Arrestati tre giornalisti di Al Jazeera. "Minaccia alla sicurezza nazionale"

Un altro colpo al grande network arabo di news: tre giornalisti di al-Jazeera sono stati arrestati dalla polizia segreta egiziana con l'accusa di trasmissione di materiale illegale e di minaccia alla «sicurezza nazionale». Lo ha reso noto il ministero degli Interni egiziano, spiegando che il loro materiale è stato sequestrato.
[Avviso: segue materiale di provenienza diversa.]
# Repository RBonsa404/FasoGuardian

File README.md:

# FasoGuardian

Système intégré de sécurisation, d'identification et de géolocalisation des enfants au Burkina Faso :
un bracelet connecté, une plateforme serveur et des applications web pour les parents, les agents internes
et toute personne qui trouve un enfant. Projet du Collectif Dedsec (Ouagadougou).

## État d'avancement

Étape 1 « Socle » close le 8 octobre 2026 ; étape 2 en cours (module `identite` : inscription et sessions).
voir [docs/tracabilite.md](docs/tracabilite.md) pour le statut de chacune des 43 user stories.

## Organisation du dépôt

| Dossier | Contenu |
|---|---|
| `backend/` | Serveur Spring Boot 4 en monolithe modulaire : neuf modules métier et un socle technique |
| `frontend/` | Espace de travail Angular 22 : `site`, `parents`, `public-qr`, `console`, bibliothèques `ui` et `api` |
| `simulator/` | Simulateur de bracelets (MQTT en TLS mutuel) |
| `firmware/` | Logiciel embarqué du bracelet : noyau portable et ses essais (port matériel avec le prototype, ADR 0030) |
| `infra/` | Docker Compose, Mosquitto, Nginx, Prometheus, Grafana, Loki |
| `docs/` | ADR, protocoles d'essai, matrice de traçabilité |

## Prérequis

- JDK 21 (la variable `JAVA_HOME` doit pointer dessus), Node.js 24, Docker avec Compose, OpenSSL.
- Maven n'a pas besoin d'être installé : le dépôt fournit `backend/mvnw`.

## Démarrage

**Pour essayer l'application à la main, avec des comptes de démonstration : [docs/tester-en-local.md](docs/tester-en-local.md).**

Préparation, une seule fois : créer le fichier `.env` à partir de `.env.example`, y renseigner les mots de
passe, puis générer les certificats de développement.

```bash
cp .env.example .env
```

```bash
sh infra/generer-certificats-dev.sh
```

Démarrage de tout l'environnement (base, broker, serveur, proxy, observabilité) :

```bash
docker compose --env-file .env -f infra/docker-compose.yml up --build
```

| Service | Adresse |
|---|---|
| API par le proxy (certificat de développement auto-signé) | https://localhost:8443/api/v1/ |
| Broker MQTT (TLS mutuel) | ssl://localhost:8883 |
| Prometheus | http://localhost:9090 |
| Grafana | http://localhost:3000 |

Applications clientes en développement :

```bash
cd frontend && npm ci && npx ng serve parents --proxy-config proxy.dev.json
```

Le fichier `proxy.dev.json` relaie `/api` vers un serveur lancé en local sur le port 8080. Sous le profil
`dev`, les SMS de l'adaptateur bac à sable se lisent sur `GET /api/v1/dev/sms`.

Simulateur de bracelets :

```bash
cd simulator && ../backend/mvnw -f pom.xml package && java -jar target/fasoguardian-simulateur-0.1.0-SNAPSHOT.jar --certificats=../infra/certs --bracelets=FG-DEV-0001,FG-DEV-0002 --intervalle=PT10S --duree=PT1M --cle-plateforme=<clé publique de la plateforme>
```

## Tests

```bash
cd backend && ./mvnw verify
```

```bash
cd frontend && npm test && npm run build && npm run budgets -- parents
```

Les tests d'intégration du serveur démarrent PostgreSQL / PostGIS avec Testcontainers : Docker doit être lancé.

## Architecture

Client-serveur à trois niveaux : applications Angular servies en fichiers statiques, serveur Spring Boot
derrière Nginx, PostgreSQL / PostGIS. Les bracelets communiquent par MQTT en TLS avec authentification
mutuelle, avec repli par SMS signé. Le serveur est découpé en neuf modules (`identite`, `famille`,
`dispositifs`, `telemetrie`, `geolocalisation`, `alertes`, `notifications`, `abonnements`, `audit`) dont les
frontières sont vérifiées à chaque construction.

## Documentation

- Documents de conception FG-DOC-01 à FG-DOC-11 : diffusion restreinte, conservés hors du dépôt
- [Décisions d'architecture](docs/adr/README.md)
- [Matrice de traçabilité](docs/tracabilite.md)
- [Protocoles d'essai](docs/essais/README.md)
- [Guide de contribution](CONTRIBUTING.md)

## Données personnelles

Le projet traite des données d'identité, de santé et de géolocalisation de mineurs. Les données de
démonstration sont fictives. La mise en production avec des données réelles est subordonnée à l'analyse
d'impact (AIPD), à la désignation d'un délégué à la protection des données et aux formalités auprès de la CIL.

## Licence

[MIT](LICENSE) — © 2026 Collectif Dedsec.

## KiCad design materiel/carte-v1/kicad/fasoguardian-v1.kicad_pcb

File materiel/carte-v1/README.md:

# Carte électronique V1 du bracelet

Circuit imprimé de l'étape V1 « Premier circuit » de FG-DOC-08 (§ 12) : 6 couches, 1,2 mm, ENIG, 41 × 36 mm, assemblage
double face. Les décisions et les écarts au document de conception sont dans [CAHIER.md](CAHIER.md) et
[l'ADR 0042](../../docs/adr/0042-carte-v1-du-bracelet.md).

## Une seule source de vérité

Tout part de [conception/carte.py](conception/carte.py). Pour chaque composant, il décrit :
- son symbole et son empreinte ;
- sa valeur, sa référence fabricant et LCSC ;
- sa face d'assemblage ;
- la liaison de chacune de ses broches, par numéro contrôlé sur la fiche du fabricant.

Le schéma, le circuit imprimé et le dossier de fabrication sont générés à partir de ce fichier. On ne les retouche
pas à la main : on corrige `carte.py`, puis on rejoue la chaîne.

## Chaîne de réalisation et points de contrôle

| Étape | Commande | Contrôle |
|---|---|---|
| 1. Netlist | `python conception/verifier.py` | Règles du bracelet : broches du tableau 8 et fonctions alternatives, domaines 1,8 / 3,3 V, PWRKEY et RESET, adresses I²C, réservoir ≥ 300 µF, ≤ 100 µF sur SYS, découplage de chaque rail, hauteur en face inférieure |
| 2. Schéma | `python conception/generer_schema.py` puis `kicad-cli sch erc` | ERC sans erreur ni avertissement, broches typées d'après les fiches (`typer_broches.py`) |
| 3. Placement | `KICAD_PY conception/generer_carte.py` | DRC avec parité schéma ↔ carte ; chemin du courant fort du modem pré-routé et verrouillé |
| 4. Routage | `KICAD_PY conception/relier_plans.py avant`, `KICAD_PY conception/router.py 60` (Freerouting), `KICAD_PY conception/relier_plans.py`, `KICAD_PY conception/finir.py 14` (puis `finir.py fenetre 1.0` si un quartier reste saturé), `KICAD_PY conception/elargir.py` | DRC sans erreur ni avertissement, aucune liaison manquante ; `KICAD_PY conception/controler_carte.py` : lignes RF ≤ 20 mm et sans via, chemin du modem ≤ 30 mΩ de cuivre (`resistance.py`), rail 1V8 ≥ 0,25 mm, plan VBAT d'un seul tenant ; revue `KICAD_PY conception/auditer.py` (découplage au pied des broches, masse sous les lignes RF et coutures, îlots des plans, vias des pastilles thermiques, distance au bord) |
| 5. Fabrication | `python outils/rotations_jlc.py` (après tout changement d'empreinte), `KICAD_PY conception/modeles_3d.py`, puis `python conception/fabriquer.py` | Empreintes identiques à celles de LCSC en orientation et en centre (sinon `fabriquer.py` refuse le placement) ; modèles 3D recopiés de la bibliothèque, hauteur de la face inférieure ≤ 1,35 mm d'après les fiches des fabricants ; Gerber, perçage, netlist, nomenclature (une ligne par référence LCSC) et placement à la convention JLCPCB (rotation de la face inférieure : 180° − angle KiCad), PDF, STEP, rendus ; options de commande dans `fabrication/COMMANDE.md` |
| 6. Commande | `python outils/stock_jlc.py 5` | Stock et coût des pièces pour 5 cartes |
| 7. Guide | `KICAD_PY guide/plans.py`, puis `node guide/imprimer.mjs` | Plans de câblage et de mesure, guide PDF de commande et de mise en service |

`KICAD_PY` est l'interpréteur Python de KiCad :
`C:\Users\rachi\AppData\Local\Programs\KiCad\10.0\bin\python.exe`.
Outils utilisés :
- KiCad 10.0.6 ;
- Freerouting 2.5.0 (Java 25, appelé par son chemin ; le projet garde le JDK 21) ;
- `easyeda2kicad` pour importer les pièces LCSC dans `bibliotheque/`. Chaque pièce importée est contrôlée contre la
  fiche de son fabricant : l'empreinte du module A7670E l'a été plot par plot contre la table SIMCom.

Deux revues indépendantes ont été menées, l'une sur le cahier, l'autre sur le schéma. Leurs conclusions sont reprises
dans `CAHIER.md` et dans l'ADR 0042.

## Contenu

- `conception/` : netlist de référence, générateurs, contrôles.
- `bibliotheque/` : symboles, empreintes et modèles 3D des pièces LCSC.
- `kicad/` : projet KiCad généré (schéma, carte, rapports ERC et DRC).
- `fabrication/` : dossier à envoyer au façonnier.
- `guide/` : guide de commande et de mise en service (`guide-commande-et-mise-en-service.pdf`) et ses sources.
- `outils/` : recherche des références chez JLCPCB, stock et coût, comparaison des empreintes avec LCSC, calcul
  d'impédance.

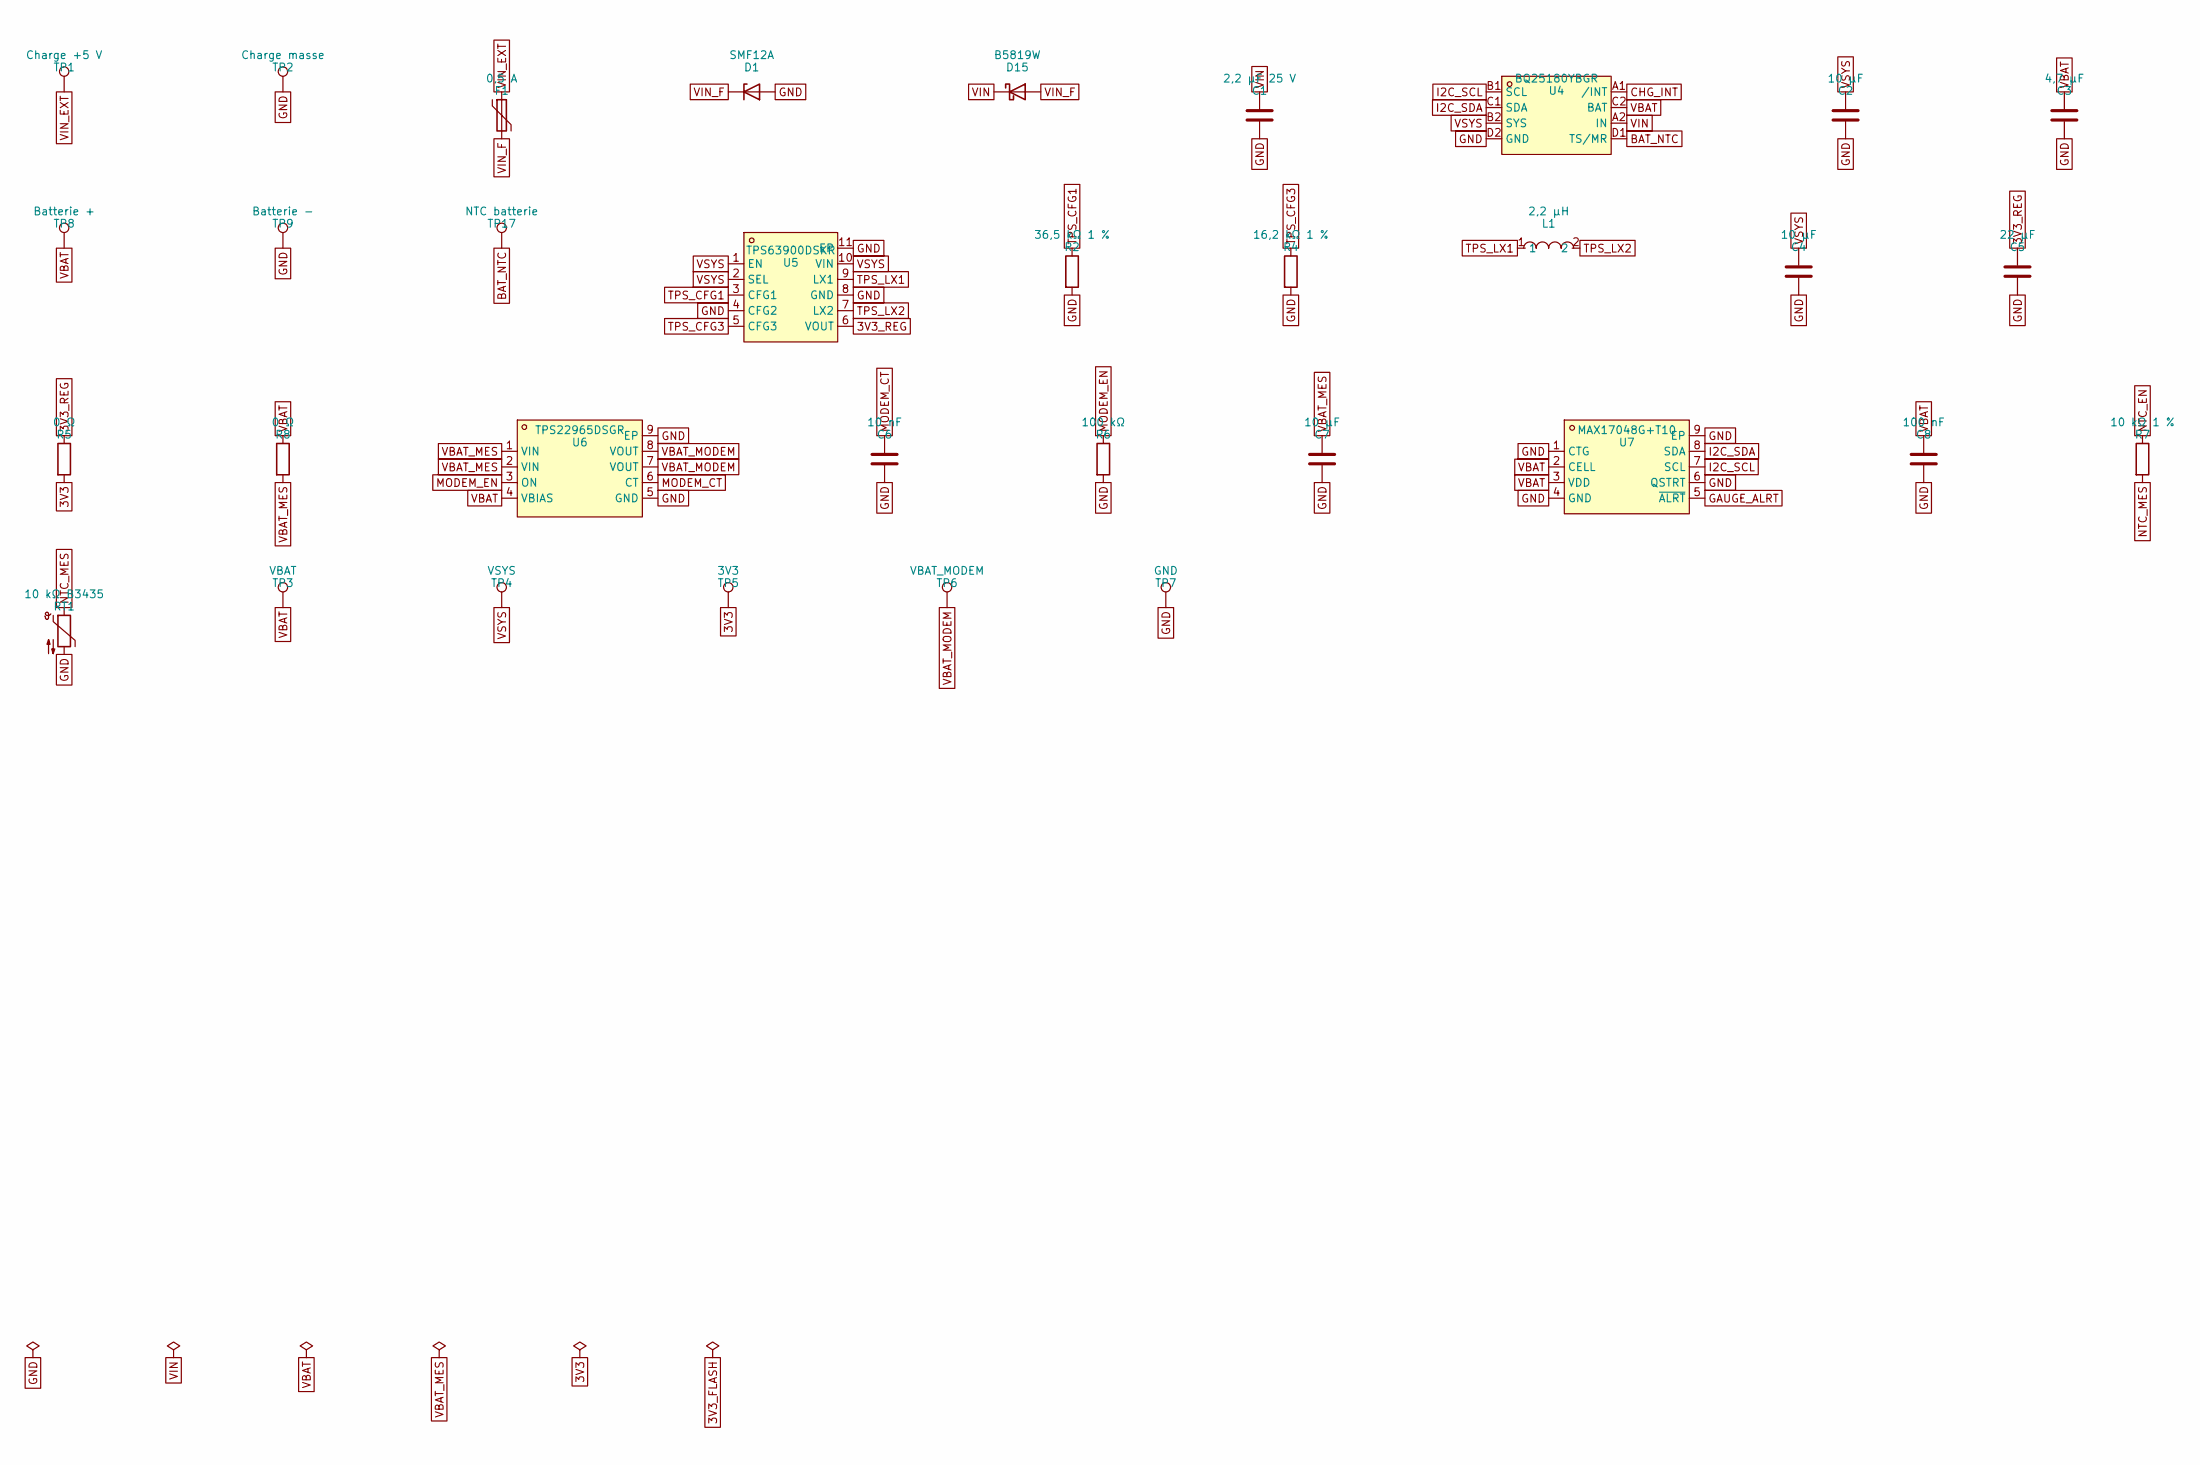
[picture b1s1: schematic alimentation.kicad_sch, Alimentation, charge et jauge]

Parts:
C1: 2,2 µF 25 V; C_0603_1608Metric; LCSC C57895
C2, C4, C7: 10 µF; C_0603_1608Metric; LCSC C19702
C3: 4,7 µF; C_0402_1005Metric; LCSC C23733
C5: 22 µF; C_0603_1608Metric; LCSC C59461
C6: 10 nF; C_0402_1005Metric; LCSC C15195
C8: 100 nF; C_0402_1005Metric; LCSC C1525
D1: SMF12A; D_SOD-123F; LCSC C123800
D15: B5819W; D_SOD-123; LCSC C8598
F1: 0,5 A; Fuse_0603_1608Metric; LCSC C207015
L1: 2,2 µH; L1008; LCSC C576403
R2: 36,5 kΩ 1 %; R_0402_1005Metric; LCSC C25887
R4: 16,2 kΩ 1 %; R_0402_1005Metric; LCSC C226806
R5: 0 Ω; R_0603_1608Metric; LCSC C21189
R6: 100 kΩ; R_0402_1005Metric; LCSC C25741
R7: 10 kΩ 1 %; R_0402_1005Metric; LCSC C25744
R8: 0 Ω; R_1206_3216Metric; LCSC C17888
RT1: 10 kΩ B3435; R_0402_1005Metric; LCSC C77131
TP1: Charge +5 V; TestPoint_Pad_2.5x2.5mm
TP2: Charge masse; TestPoint_Pad_2.5x2.5mm
TP3: VBAT; TestPoint_Pad_D1.0mm
TP4: VSYS; TestPoint_Pad_D1.0mm
TP5: 3V3; TestPoint_Pad_D1.0mm
TP6: VBAT_MODEM; TestPoint_Pad_D1.0mm
TP7: GND; TestPoint_Pad_D1.0mm
TP8: Batterie +; TestPoint_Pad_2.5x2.5mm
TP9: Batterie −; TestPoint_Pad_2.5x2.5mm
TP17: NTC batterie; TestPoint_Pad_1.5x1.5mm
U4: BQ25180YBGR; DSBGA-8_L1.6-W0.9-R2-C4-P0.40-BL; LCSC C3682423
U5: TPS63900DSKR; WSON-10_L2.5-W2.5-W0.50-TL-EP; LCSC C1518762
U6: TPS22965DSGR; UDFN-8_L2.0-W2.0-P0.50-TL-EP; LCSC C122837
U7: MAX17048G+T10; TDFN-8_L2.0-W2.0-P0.50-BL-EP1.2; LCSC C2682616

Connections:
3V3: R5.2, TP5.1; also elsewhere on the board
3V3_REG: C5.1, R5.1, U5.6 (VOUT)
BAT_NTC: TP17.1, U4.D1 (TS/MR)
CHG_INT: U4.A1 (/INT); also elsewhere on the board
GAUGE_ALRT: U7.5 (~ALRT); also elsewhere on the board
GND: C1.2, C2.2, C3.2, C4.2, C5.2, C6.2, C7.2, C8.2, D1.2 (A), R2.2, R4.2, R6.2, RT1.2, TP2.1, TP7.1, TP9.1, U4.D2 (GND), U5.4 (CFG2), U5.8 (GND), U5.11 (EP), U6.5 (GND), U6.9 (EP), U7.1 (CTG), U7.4 (GND), U7.6 (QSTRT), U7.9 (EP); also elsewhere on the board
I2C_SCL: U4.B1 (SCL), U7.7 (SCL); also elsewhere on the board
I2C_SDA: U4.C1 (SDA), U7.8 (SDA); also elsewhere on the board
MODEM_CT: C6.1, U6.6 (CT)
MODEM_EN: R6.1, U6.3 (ON); also elsewhere on the board
NTC_EN: R7.1; also elsewhere on the board
NTC_MES: R7.2, RT1.1; also elsewhere on the board
TPS_CFG1: R2.1, U5.3 (CFG1)
TPS_CFG3: R4.1, U5.5 (CFG3)
TPS_LX1: L1.1, U5.9 (LX1)
TPS_LX2: L1.2, U5.7 (LX2)
VBAT: C3.1, C8.1, R8.1, TP3.1, TP8.1, U4.C2 (BAT), U6.4 (VBIAS), U7.2 (CELL), U7.3 (VDD)
VBAT_MES: C7.1, R8.2, U6.1 (VIN), U6.2 (VIN)
VBAT_MODEM: TP6.1, U6.7 (VOUT), U6.8 (VOUT); also elsewhere on the board
VIN: C1.1, D15.1 (K), U4.A2 (IN)
VIN_EXT: F1.1, TP1.1
VIN_F: D1.1 (K), D15.2 (A), F1.2
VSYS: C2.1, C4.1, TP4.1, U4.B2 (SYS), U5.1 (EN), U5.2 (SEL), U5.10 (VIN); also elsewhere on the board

Secondo quanto riferisce la stessa al Jazeera, a essere stati prelevati nella notte al Cairo sono stati il corrispondente australiano Peter Greste, il producer egiziano Mohamed Fahmy con un passato alla Cnn e il cameraman, anche lui egiziano, Mohamed Fawzy. Negli ultimi vent'anni Greste ha lavorato per l'agenzia Reuters, la Cnn e la Bbc. L'emittente del Qatar ha chiesto l'immediato rilascio dei suoi reporter.

Secondo il ministero degli Interni del Cairo, il giornalista egiziano arrestato è un «membro dei Fratelli Musulmani», l'organizzazione dichiarata fuorilegge due giorni fa in Egitto di cui era espressione il deposto presidente Morsi.

Ieri la Commissione per la protezione dei giornalisti ha indicato l'Egitto, la Siria e l'Iraq come i luoghi più pericolosi per svolgere il lavoro giornalistico. In particolare, l'organizzazione ha sostenuto che le condizioni per i giornalisti in Egitto sono «peggiorate in modo drammatico» ricordando che «sei giornalisti sono stati uccisi per il loro lavoro nel 2013».

La realtà è che Al Jazeera è fin dal primo giorno del golpe militare nel mirino del regime del generale Al Sissi. La tv del Qatar del resto, dietro la patina di informazione obiettiva, è portatrice degli interessi degli emiri. Ha soffiato fin dall'inizio sul fuoco delle Primavere arabe, trascurando invece di raccontare le rivolte nei Paesi del Golfo.

Al Jazeera ha anche svolto un ruolo primario nel sollevare l'allarme internazionale che ha portato all'intervento in Libia.